The samples were analyzed by LC-MS. LC-MS analysis was performed on a platform comprising a Thermo Scientific Dionex Ultimate 3000 and a Bruker amaZon SL equipped with an electrospray ionization source controlled by Bruker Hystar 3.2. Chromatographic separation was performed by injecting 5 mL of the sample onto an Agilent Eclipse Plus C18 column (2.1 3 50 mm, 3.5 mm) maintained at 20 °C. The flow rate was maintained at 400 mL/min. The initial flow conditions were 80% solvent A (95:5:0.1 water:methanol:acetic acid with 10 mM ammonium acetate) and 20% solvent B (methanol containing 0.1% acetic acid). Solvent B was maintained at 20% for the first minute of the run and was raised to 80% over 0.50 min. Solvent B was raised to 100% by 5 min and was lowered back to initial conditions (20%) by 8.750 min with a total run time of 12.0 min. The retention times and m/z were summarized in Supplementary table 1.
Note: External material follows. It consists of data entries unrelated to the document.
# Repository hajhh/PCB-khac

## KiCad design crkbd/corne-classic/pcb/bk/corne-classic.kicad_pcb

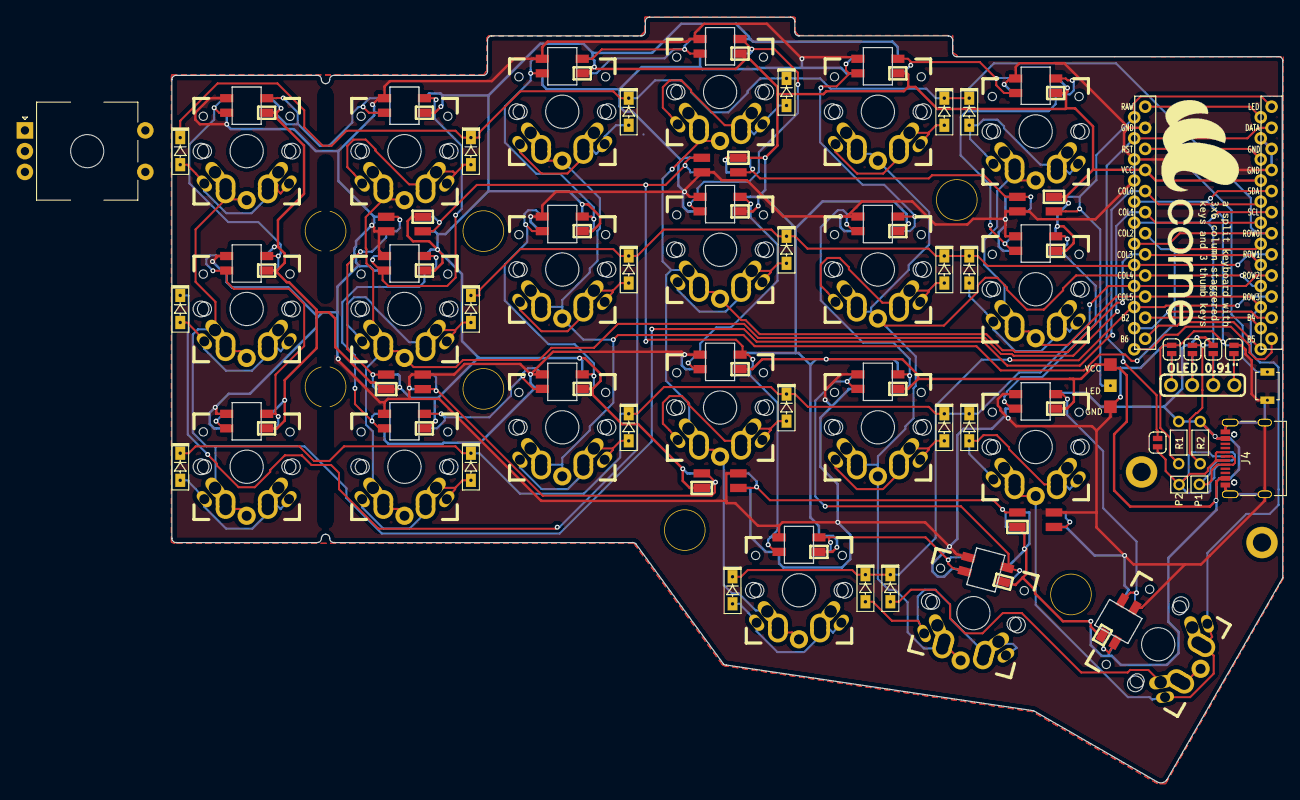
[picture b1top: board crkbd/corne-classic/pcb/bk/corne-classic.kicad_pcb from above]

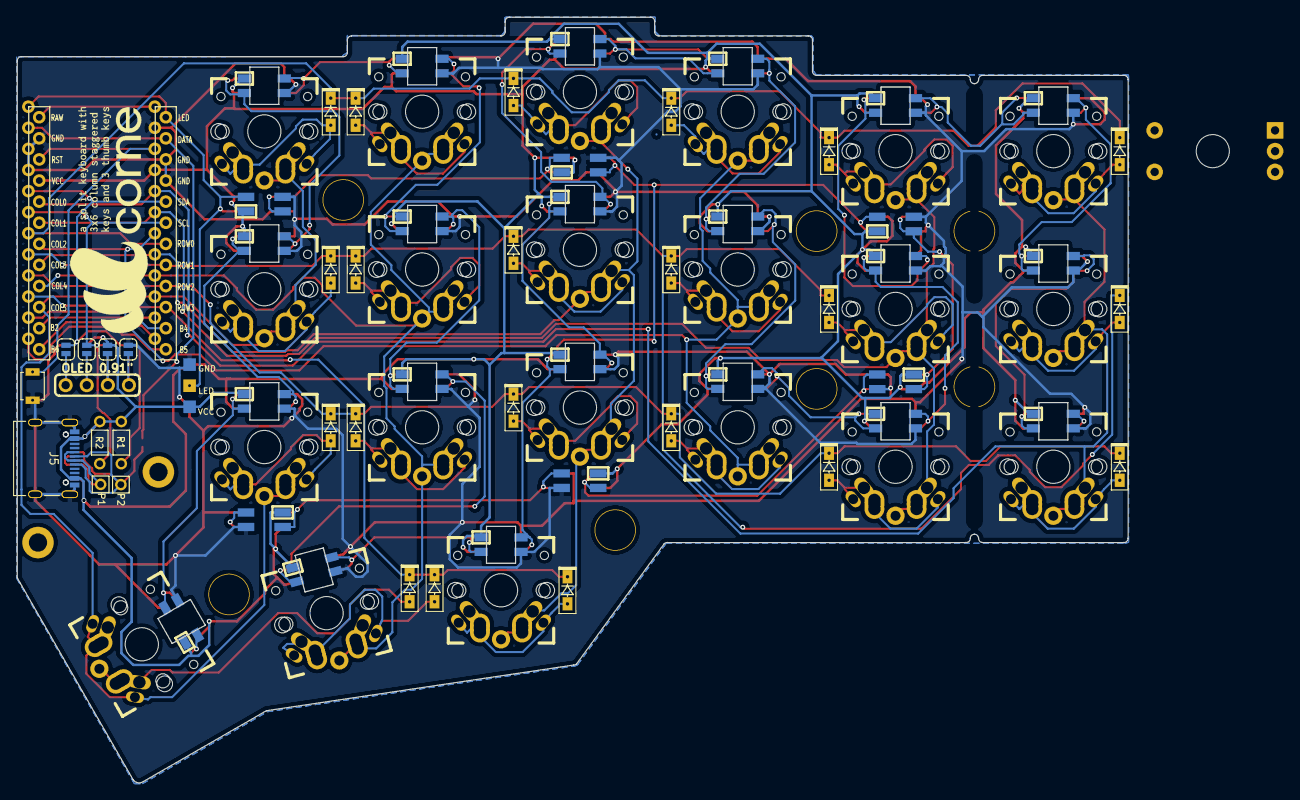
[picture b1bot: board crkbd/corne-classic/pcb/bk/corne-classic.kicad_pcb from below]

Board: 2 copper layers, 133.8 x 92.2 mm, 104 parts (7 on the bottom side), 68 nets.

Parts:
D1, D2, D3, D4, D5, D6, D7, D8, D9, D10, D11, D12, D13, D14, D15, D16, D17, D18, D19, D20, D21: D; Diode_smd
H1, H2: Hole_M2
H3, H4, H5, H6, H7, H8, H9: HOLE
H10, H11: logo
H12, H13, H14, H15: hole2
J2: OLED; OLED_SPILT
J3: LED; StripLED_rev
J4, J5: USB_C_Receptacle_Palconn_UTC16-G
JP1, JP2, JP3, JP4, JP5, JP6, JP7, JP8, JP9: jp
L1, L2, L3, L4, L5, L6: SK6812MINI; SK6812MINI_underglow_rev
L7, L8, L9, L10, L11, L12, L13, L14, L15, L16, L17, L18, L19, L20, L21, L22, L23, L24, L25, L26, L27: SK6812MINI; SK6812MINI_rev
P1, P2: i2c-pin; 1pin_conn
R1, R2: R
RSW1: SW_PUSH; SW_SPST_B3U-1000P
SW1, SW2, SW3, SW4, SW5, SW6, SW7, SW8, SW9, SW10, SW11, SW12, SW13, SW14, SW15, SW16, SW17, SW18, SW19, SW20: SW_PUSH; 1u
SW21: SW_PUSH; 1.75u
SW22: Rotary_Encoder_Switch; Rotary_econder
U1: ProMicro; ProMicro_v2

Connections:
GND: J3.1, J4.A1, J4.A12, J4.B1, J4.B12, J4.S1, J5.A1, J5.A12, J5.B1, J5.B12, J5.S1, JP2.1, JP9.1, L1.2, L2.2, L3.2, L4.2, L5.2, L6.2, L7.2, L8.2, L9.2, L10.2, L11.2, L12.2, L13.2, L14.2, L15.2, L16.2, L17.2, L18.2, L19.2, L20.2, L21.2, L22.2, L23.2, L24.2, L25.2, L26.2, L27.2, RSW1.2, U1.3, U1.4, U1.23
LED: J3.2, L3.3, U1.1
unnamed: D1.2, SW1.2
unnamed: D2.2, SW2.2
unnamed: D3.2, SW3.2
unnamed: D4.2, SW4.2
unnamed: D5.2, SW5.2
unnamed: D6.2, SW6.2
unnamed: D7.2, SW7.2
unnamed: D8.2, SW8.2
unnamed: D9.2, SW9.2
unnamed: D10.2, SW10.2
unnamed: D11.2, SW11.2
unnamed: D12.2, SW12.2
unnamed: D13.2, SW13.2
unnamed: D14.2, SW14.2
unnamed: D15.2, SW15.2
unnamed: D16.2, SW16.2
unnamed: D17.2, SW17.2
unnamed: D18.2, SW18.2
unnamed: D19.2, SW19.2
unnamed: D20.2, SW20.2
unnamed: D21.2, SW21.2
unnamed: J2.1, JP5.2, JP9.2
unnamed: J2.2, JP4.2, JP8.2
unnamed: J2.3, JP3.2, JP7.2
unnamed: J2.4, JP2.2, JP6.2
unnamed: J4.A6, J4.B6, J5.A6, J5.B6, JP1.2, P2.1
unnamed: J4.A7, J4.B7, J5.A7, J5.B7, P1.1
unnamed: L7.3, L8.1
unnamed: L9.3, L10.1
unnamed: L10.3, L16.1
unnamed: L11.1, L17.3
unnamed: L11.3, L12.1
unnamed: L12.3, L18.1
unnamed: L13.1, L19.3
unnamed: L7.1, L13.3
unnamed: L8.3, L14.1
unnamed: L14.3, L20.1
unnamed: L15.1, L21.3
unnamed: L9.1, L15.3
unnamed: L16.3, L22.1
unnamed: L17.1, L23.3
unnamed: L18.3, L24.1
unnamed: L20.3, L21.1
unnamed: L1.1, L4.3
unnamed: L1.3, L2.1, L22.3, L25.1
unnamed: L23.1, L26.3
unnamed: L2.3, L3.1
unnamed: L24.3, L27.1
unnamed: L4.1, L5.3
unnamed: L25.3, L26.1
unnamed: L5.1, L6.3
SCL: JP4.1, JP7.1, R2.2, U1.6
SDA: JP5.1, JP6.1, R1.2, U1.5
VCC: J3.3, J4.A4, J4.A9, J4.B4, J4.B9, J5.A4, J5.A9, J5.B4, J5.B9, JP3.1, JP8.1, L1.4, L2.4, L3.4, L4.4, L5.4, L6.4, L7.4, L8.4, L9.4, L10.4, L11.4, L12.4, L13.4, L14.4, L15.4, L16.4, L17.4, L18.4, L19.4, L20.4, L21.4, L22.4, L23.4, L24.4, L25.4, L26.4, L27.4, R1.1, R2.1, U1.21
col0: SW1.1, SW7.1, SW13.1, U1.20
col1: SW2.1, SW8.1, SW14.1, U1.19
col2: SW3.1, SW9.1, SW15.1, U1.18
col3: SW4.1, SW10.1, SW16.1, SW19.1, U1.17
col4: SW5.1, SW11.1, SW17.1, SW20.1, U1.16
col5: SW6.1, SW12.1, SW18.1, SW21.1, U1.15
data: JP1.1, U1.2
reset: RSW1.1, U1.22
row0: D1.1, D2.1, D3.1, D4.1, D5.1, D6.1, U1.7
row1: D7.1, D8.1, D9.1, D10.1, D11.1, D12.1, U1.8
row2: D13.1, D14.1, D15.1, D16.1, D17.1, D18.1, U1.9
row3: D19.1, D20.1, D21.1, U1.10

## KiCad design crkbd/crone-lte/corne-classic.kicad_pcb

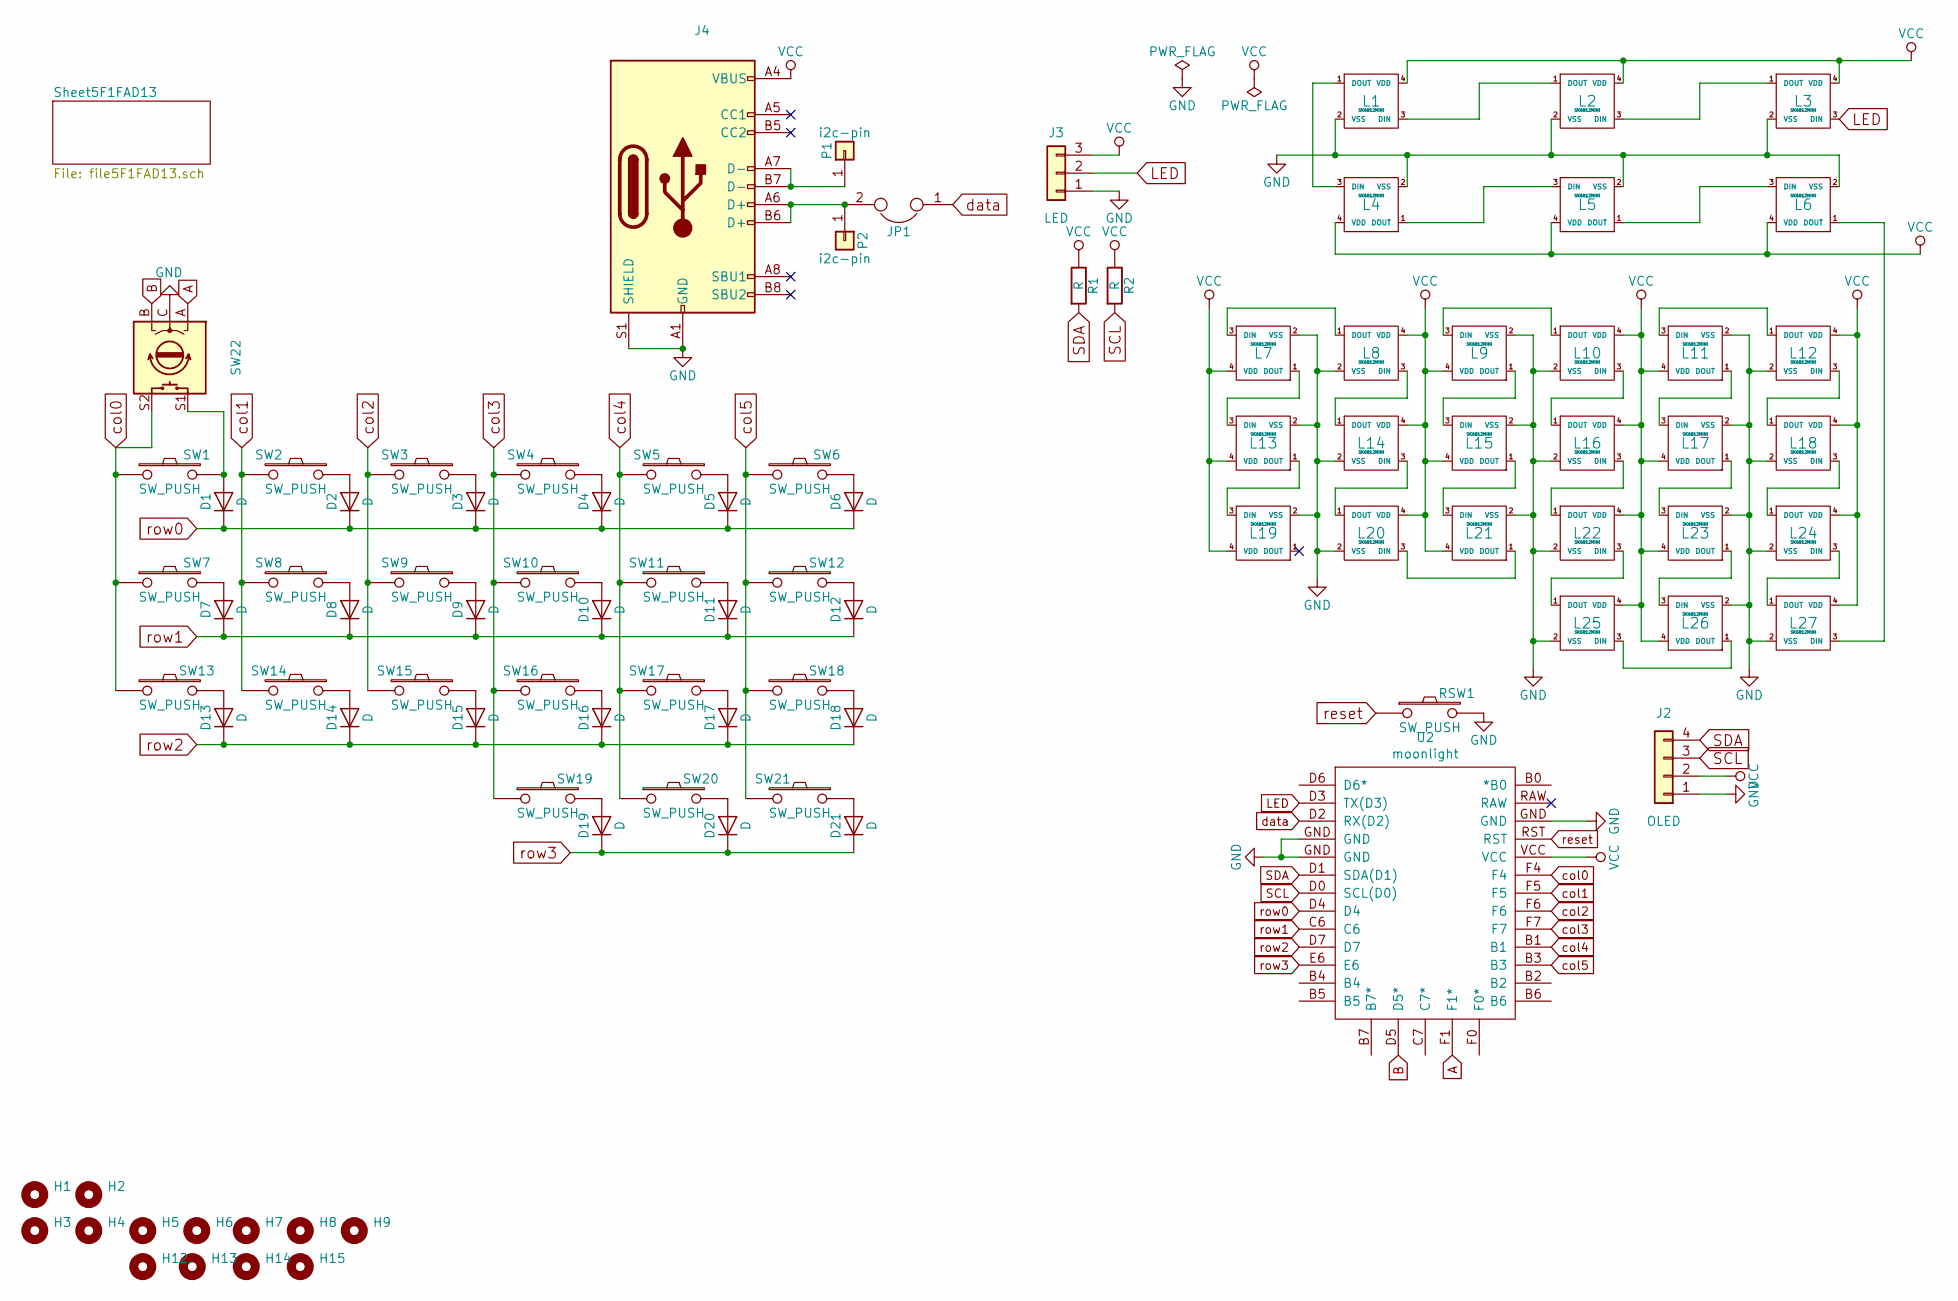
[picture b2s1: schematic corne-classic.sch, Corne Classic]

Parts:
D1, D2, D3, D4, D5, D6, D7, D8, D9, D10, D11, D12, D13, D14, D15, D16, D17, D18, D19, D20, D21: D
H1, H2: Hole_M2
H3, H4, H5, H6, H7, H8, H9: HOLE
H12, H13, H14, H15: hole2
J2: OLED; OLED_0.91'_FONTSIDE
J3: LED; LED-strip
J4: USB_C_Receptacle_Palconn_UTC16-G
JP1: jp
L1, L2, L3, L4, L5, L6: SK6812MINI; SK6812-BOARD
L7, L8, L9, L10, L11, L12, L13, L14, L15, L16, L17, L18, L19, L20, L21, L22, L23, L24, L25, L26, L27: SK6812MINI; SK6812-SW
P1, P2: i2c-pin; pin
R1, R2: R
RSW1: SW_PUSH; SW_SPST_B3U-1000P
SW1, SW2, SW3, SW4, SW5, SW6, SW7, SW8, SW9, SW10, SW11, SW12, SW13, SW14, SW15, SW16, SW17, SW18, SW19, SW20: SW_PUSH; 1u
SW21: SW_PUSH; 1.75u
SW22: Rotary_econder
U2: moonlight

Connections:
A: SW22.A, U2.F1 (F1*)
B: SW22.B, U2.D5 (D5*)
GND: J2.1, J3.1, J4.A1 (GND), J4.A12 (GND), J4.B1 (GND), J4.B12 (GND), J4.S1 (SHIELD), L1.2 (VSS), L2.2 (VSS), L3.2 (VSS), L4.2 (VSS), L5.2 (VSS), L6.2 (VSS), L7.2 (VSS), L8.2 (VSS), L9.2 (VSS), L10.2 (VSS), L11.2 (VSS), L12.2 (VSS), L13.2 (VSS), L14.2 (VSS), L15.2 (VSS), L16.2 (VSS), L17.2 (VSS), L18.2 (VSS), L19.2 (VSS), L20.2 (VSS), L21.2 (VSS), L22.2 (VSS), L23.2 (VSS), L24.2 (VSS), L25.2 (VSS), L26.2 (VSS), L27.2 (VSS), RSW1.2, SW22.C, U2.GND
LED: J3.2, L3.3 (DIN), U2.D3 (TX(D3))
unnamed: D1.2 (A), SW1.2, SW22.S1
unnamed: D2.2 (A), SW2.1
unnamed: D3.2 (A), SW3.1
unnamed: D4.2 (A), SW4.1
unnamed: D5.2 (A), SW5.1
unnamed: D6.2 (A), SW6.2
unnamed: D7.2 (A), SW7.2
unnamed: D8.2 (A), SW8.1
unnamed: D9.2 (A), SW9.1
unnamed: D10.2 (A), SW10.1
unnamed: D11.2 (A), SW11.1
unnamed: D12.2 (A), SW12.2
unnamed: D13.2 (A), SW13.2
unnamed: D14.2 (A), SW14.1
unnamed: D15.2 (A), SW15.1
unnamed: D16.2 (A), SW16.1
unnamed: D17.2 (A), SW17.1
unnamed: D18.2 (A), SW18.2
unnamed: D19.2 (A), SW19.2
unnamed: D20.2 (A), SW20.2
unnamed: D21.2 (A), SW21.1
unnamed: J4.A6 (D+), J4.B6 (D+), JP1.2, P2.1
unnamed: J4.A7 (D-), J4.B7 (D-), P1.1
unnamed: L1.1 (DOUT), L4.3 (DIN)
unnamed: L1.3 (DIN), L2.1 (DOUT)
unnamed: L2.3 (DIN), L3.1 (DOUT)
unnamed: L4.1 (DOUT), L5.3 (DIN)
unnamed: L5.1 (DOUT), L6.3 (DIN)
unnamed: L7.3 (DIN), L8.1 (DOUT)
unnamed: L9.3 (DIN), L10.1 (DOUT)
unnamed: L10.3 (DIN), L16.1 (DOUT)
unnamed: L11.1 (DOUT), L17.3 (DIN)
unnamed: L11.3 (DIN), L12.1 (DOUT)
unnamed: L12.3 (DIN), L18.1 (DOUT)
unnamed: L13.1 (DOUT), L19.3 (DIN)
unnamed: L7.1 (DOUT), L13.3 (DIN)
unnamed: L8.3 (DIN), L14.1 (DOUT)
unnamed: L14.3 (DIN), L20.1 (DOUT)
unnamed: L15.1 (DOUT), L21.3 (DIN)
unnamed: L9.1 (DOUT), L15.3 (DIN)
unnamed: L16.3 (DIN), L22.1 (DOUT)
unnamed: L17.1 (DOUT), L23.3 (DIN)
unnamed: L18.3 (DIN), L24.1 (DOUT)
unnamed: L20.3 (DIN), L21.1 (DOUT)
unnamed: L22.3 (DIN), L25.1 (DOUT)
unnamed: L23.1 (DOUT), L26.3 (DIN)
unnamed: L24.3 (DIN), L27.1 (DOUT)
unnamed: L25.3 (DIN), L26.1 (DOUT)
unnamed: L6.1 (DOUT), L27.3 (DIN)
SCL: J2.3, R2.2, U2.D0 (SCL(D0))
SDA: J2.4, R1.2, U2.D1 (SDA(D1))
VCC: J2.2, J3.3, J4.A4 (VBUS), J4.A9 (VBUS), J4.B4 (VBUS), J4.B9 (VBUS), L1.4 (VDD), L2.4 (VDD), L3.4 (VDD), L4.4 (VDD), L5.4 (VDD), L6.4 (VDD), L7.4 (VDD), L8.4 (VDD), L9.4 (VDD), L10.4 (VDD), L11.4 (VDD), L12.4 (VDD), L13.4 (VDD), L14.4 (VDD), L15.4 (VDD), L16.4 (VDD), L17.4 (VDD), L18.4 (VDD), L19.4 (VDD), L20.4 (VDD), L21.4 (VDD), L22.4 (VDD), L23.4 (VDD), L24.4 (VDD), L25.4 (VDD), L26.4 (VDD), L27.4 (VDD), R1.1, R2.1, U2.VCC
col0: SW1.1, SW7.1, SW13.1, SW22.S2, U2.F4
col1: SW2.2, SW8.2, SW14.2, U2.F5
col2: SW3.2, SW9.2, SW15.2, U2.F6
col3: SW4.2, SW10.2, SW16.2, SW19.1, U2.F7
col4: SW5.2, SW11.2, SW17.2, SW20.1, U2.B1
col5: SW6.1, SW12.1, SW18.1, SW21.2, U2.B3
data: JP1.1, U2.D2 (RX(D2))
reset: RSW1.1, U2.RST
row0: D1.1 (K), D2.1 (K), D3.1 (K), D4.1 (K), D5.1 (K), D6.1 (K), U2.D4
row1: D7.1 (K), D8.1 (K), D9.1 (K), D10.1 (K), D11.1 (K), D12.1 (K), U2.C6
row2: D13.1 (K), D14.1 (K), D15.1 (K), D16.1 (K), D17.1 (K), D18.1 (K), U2.D7
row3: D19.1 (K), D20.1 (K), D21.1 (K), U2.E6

The area of the base peak chromatogram for each compound was measured at each time-point and compared against the zero minute time-point to calculate the percentage of compound remaining at each time-point. For samples where the percent of compound remaining was greater than 100% at the second time-point, the second time-point used to calculate the percent of compound remaining. The data were plotted in Prism 7 and the data fit with a one-phase linear decay model with y₀ value set to 100 to calculate the half-life. For compounds with half-lives greater than two hours, the percent of compound remaining after 120 min is reported.

Statistical analysis

The data reported in this study represent the mean and s.d. of at least three independent experiments measured in triplicate, unless otherwise stated in the figure legend. For statistical analyses, ANOVA and two-tailed Student’s t-tests were conducted to assess whether a significant difference exists between two groups of samples. A P value of less than 0.05 was considered as statistically significant. All statistical tests were carried out using Prism 7 software (GraphPad).

Data availability

The data that support the findings of this study are available from the corresponding authors upon request.